From custodian to Lesley to Microsoft, Jesse Sparks

At the end of Sparks’ first meeting with Microsoft, Johnson said he’d brainstorm with his team how to best help Sparks.

“It didn’t feel like I was being recruited, which was pretty cool and a change of pace from all the attention I was receiving,” he says.

Sparks then connected with Terrell Cox, Microsoft General Manager, over coffee.

“She would jot down notes and say ‘Oh this gives me an idea’ when I would say something about my passions and goals,” Sparks says.

A few weeks later, Sparks got a call from Johnson, who was excited about an opportunity for Sparks. Johnson connected Sparks with University Recruiter Molly Walter, who invited him in for his official interview.

“I was doing all these things that I didn’t think had anything to do with recruiting,” Sparks says, “but it’s the same as if I’m in a room doing counseling, offering advice to students — I think that’s what Microsoft really saw.”

As a University Recruiter, Sparks is tasked with drawing the best and brightest to Microsoft from MIT and Harvard. He spends his day-to-day working with Walter at career fairs and meet-the-company events, analyzing resumes to determine if there might be a role for these students to play at Microsoft.

Sparks says he’s excited to be in a position where he’s be able to help other people succeed.

Although university recruiting isn’t something Sparks had imagined himself doing, he “likes the challenge of trying to find the hidden gem recruits as well as the rock stars who will bring different talents and skill sets to Microsoft.”
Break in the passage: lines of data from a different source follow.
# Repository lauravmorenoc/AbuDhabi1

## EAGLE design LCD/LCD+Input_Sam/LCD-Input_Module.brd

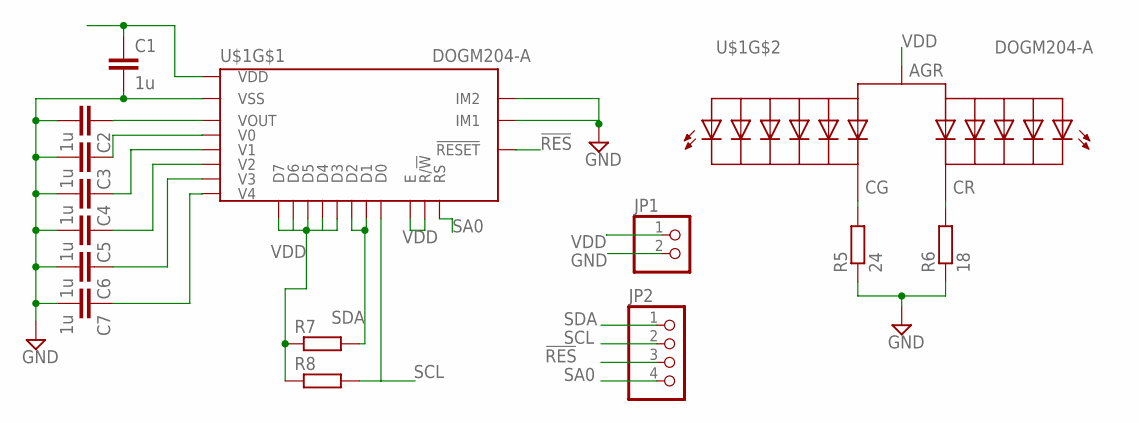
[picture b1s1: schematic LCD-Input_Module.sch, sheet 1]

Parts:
C1, C2, C3, C4, C5, C6, C7: 1u; C0603
JP1: PINHD-1X2; 1X02
JP2: PINHD-1X4; 1X04
R5: 24; R0603
R6: 18; R0603
R7, R8: R-EU_R0603; R0603
U$1: DOGM204-A; LCD

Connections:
!RES: JP2.3, U$1.P$44 (!RESET)
GND: C1.2, C2.2, C3.2, C4.2, C5.2, C6.2, C7.2, JP1.2, R5.1, R6.1, U$1.P$29 (IM2), U$1.P$30 (IM1), U$1.P$32 (VSS); also elsewhere on the board
unnamed: C3.1, U$1.P$24 (V0)
unnamed: C6.1, U$1.P$27 (V3)
unnamed: C4.1, U$1.P$25 (V1)
unnamed: C5.1, U$1.P$26 (V2)
unnamed: C7.1, U$1.P$28 (V4)
unnamed: C1.1, U$1.P$31 (VDD)
unnamed: C2.1, U$1.P$23 (VOUT)
unnamed: R5.2, U$1.P$21 (CG)
unnamed: R6.2, U$1.P$22 (CR)
SA0: JP2.4, U$1.P$43 (RS)
SCL: JP2.2, R8.2, U$1.P$40 (D0)
SDA: JP2.1, R7.2, U$1.P$38 (D2), U$1.P$39 (D1)
VDD: JP1.1, R7.1, R8.1, U$1.P$1 (AGR), U$1.P$33 (D7), U$1.P$34 (D6), U$1.P$35 (D5), U$1.P$36 (D4), U$1.P$37 (D3), U$1.P$41 (E), U$1.P$42 (R/!W); also elsewhere on the board

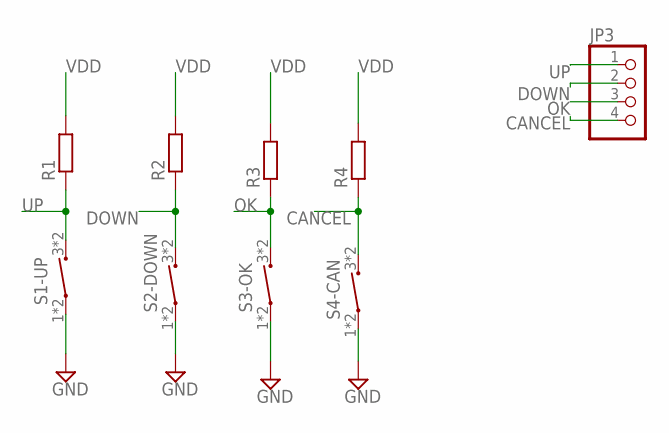
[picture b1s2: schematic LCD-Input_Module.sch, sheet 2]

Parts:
JP3: PINHD-1X4; 1X04
R1, R2, R3, R4: R-EU_R0603; R0603
S1-UP, S2-DOWN, S3-OK, S4-CAN: PTS647; PTS647-TACTSWITCH

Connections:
CANCEL: JP3.4, R4.1, S4-CAN.3 (2), S4-CAN.4 (2)
DOWN: JP3.2, R2.1, S2-DOWN.3 (2), S2-DOWN.4 (2)
GND: S1-UP.1, S1-UP.2 (1), S2-DOWN.1, S2-DOWN.2 (1), S3-OK.1, S3-OK.2 (1), S4-CAN.1, S4-CAN.2 (1); also elsewhere on the board
OK: JP3.3, R3.1, S3-OK.3 (2), S3-OK.4 (2)
UP: JP3.1, R1.1, S1-UP.3 (2), S1-UP.4 (2)
VDD: R1.2, R2.2, R3.2, R4.2; also elsewhere on the board

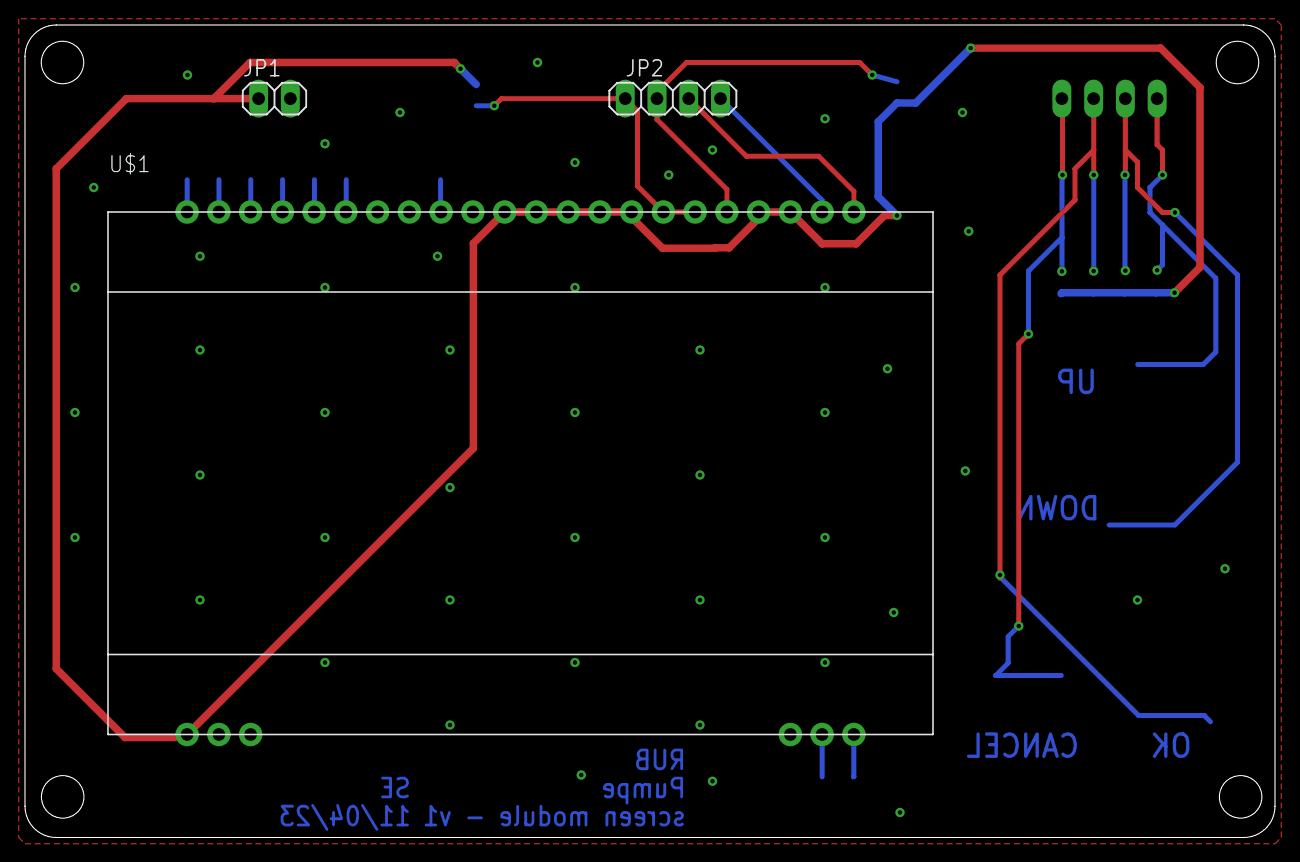
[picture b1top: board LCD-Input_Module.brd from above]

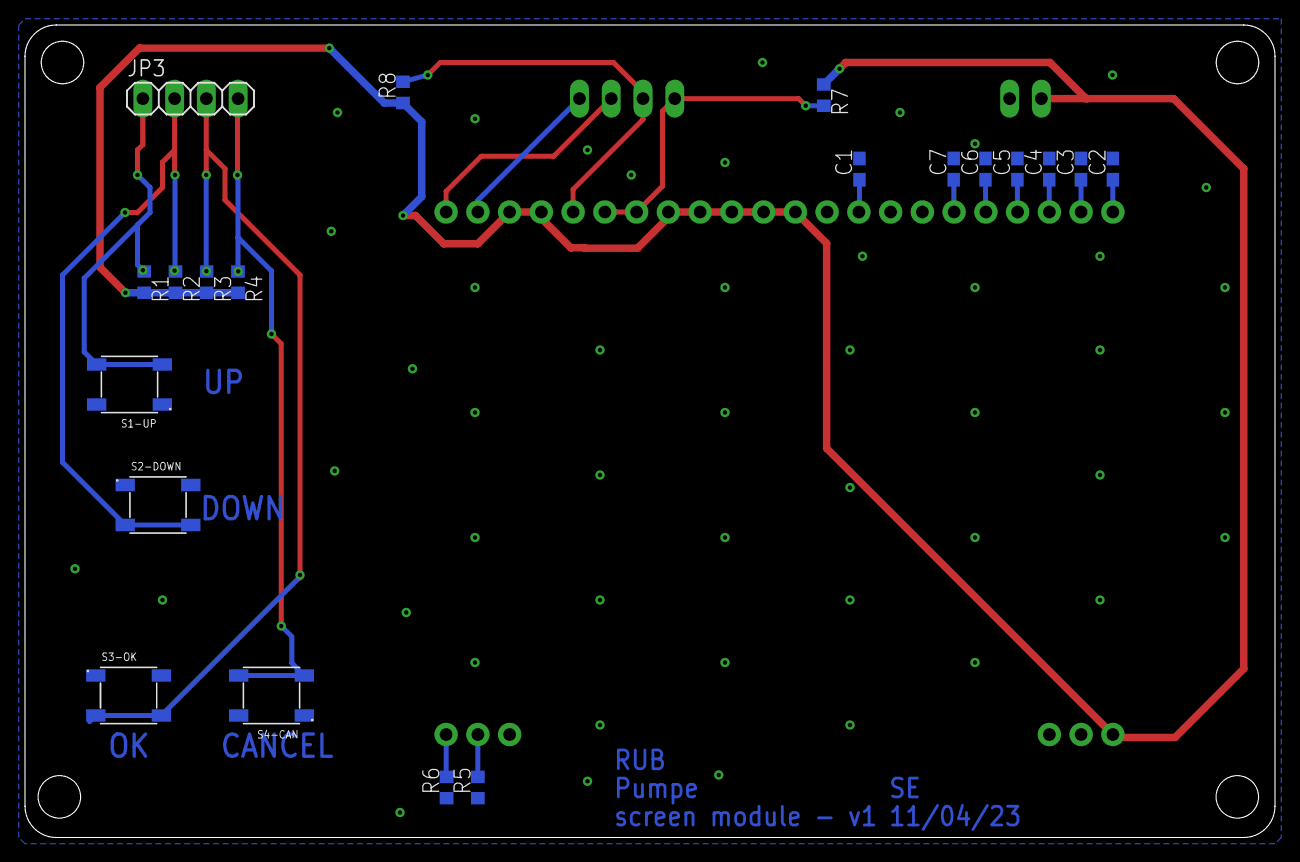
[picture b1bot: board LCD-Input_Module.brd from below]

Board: 2 copper layers, 100.0 x 65.0 mm, 23 parts (20 on the bottom side), 19 nets.

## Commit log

2023-09-19 First upload PCB
2023-09-19 Arduino Mega 2560 symbol and footprint adition
2023-09-19 Arduino Mega footpring change and LEDs addition
2023-09-25 A bit of order
2023-09-25 Nothing
2023-09-25 Routing part 1
2023-09-26 Everything routed and DRC checked and corrected, ready to print
2023-09-26 LCD screen update
2023-09-28 I2c address scanner code added
2023-10-09 LCD PCB Components mirror
2023-10-09 LCD PCB final touches
2023-10-16 RS232 und RS435 shields entfernt
2023-10-16 RS435 interface start
2023-10-18 RS232 interface changes (completed) and RS485 interface in working...
2023-10-20 LCD PCB changes according to Robins suggestions. Still pending one thing
2023-10-23 Just reading bout RS485
2023-10-24 Finally understood RS485
2023-10-25 LCD PCB finished (again)
2023-10-25 Some changes on the full PCB (Robin's folder). Ready to trace.
    All changes are being made (from now onwards) in Robins' folder (so it also keeps his changes).
2023-11-20 Main board file updated. Added Arduino code for the LCD
    The LCD is not working yet though.
2024-01-03 Merging branches

Patience, active listening, building rapport, communication skills, unconditional positive regard and competitiveness — skills Sparks developed as an athlete and counselor — will help him in his new role.

“I never would have imagined working at Microsoft, but it really was a no-brainer when they came calling,” Sparks says. “You hear about all the good things they do — volunteer work, their statement about the dreamers… They’re socially oriented, into community service, into allowing their workers to develop their passions… I still can’t believe Kathleen Hogan read about me, but I’m super thankful she did because she’s given me the unique opportunity I was looking for.”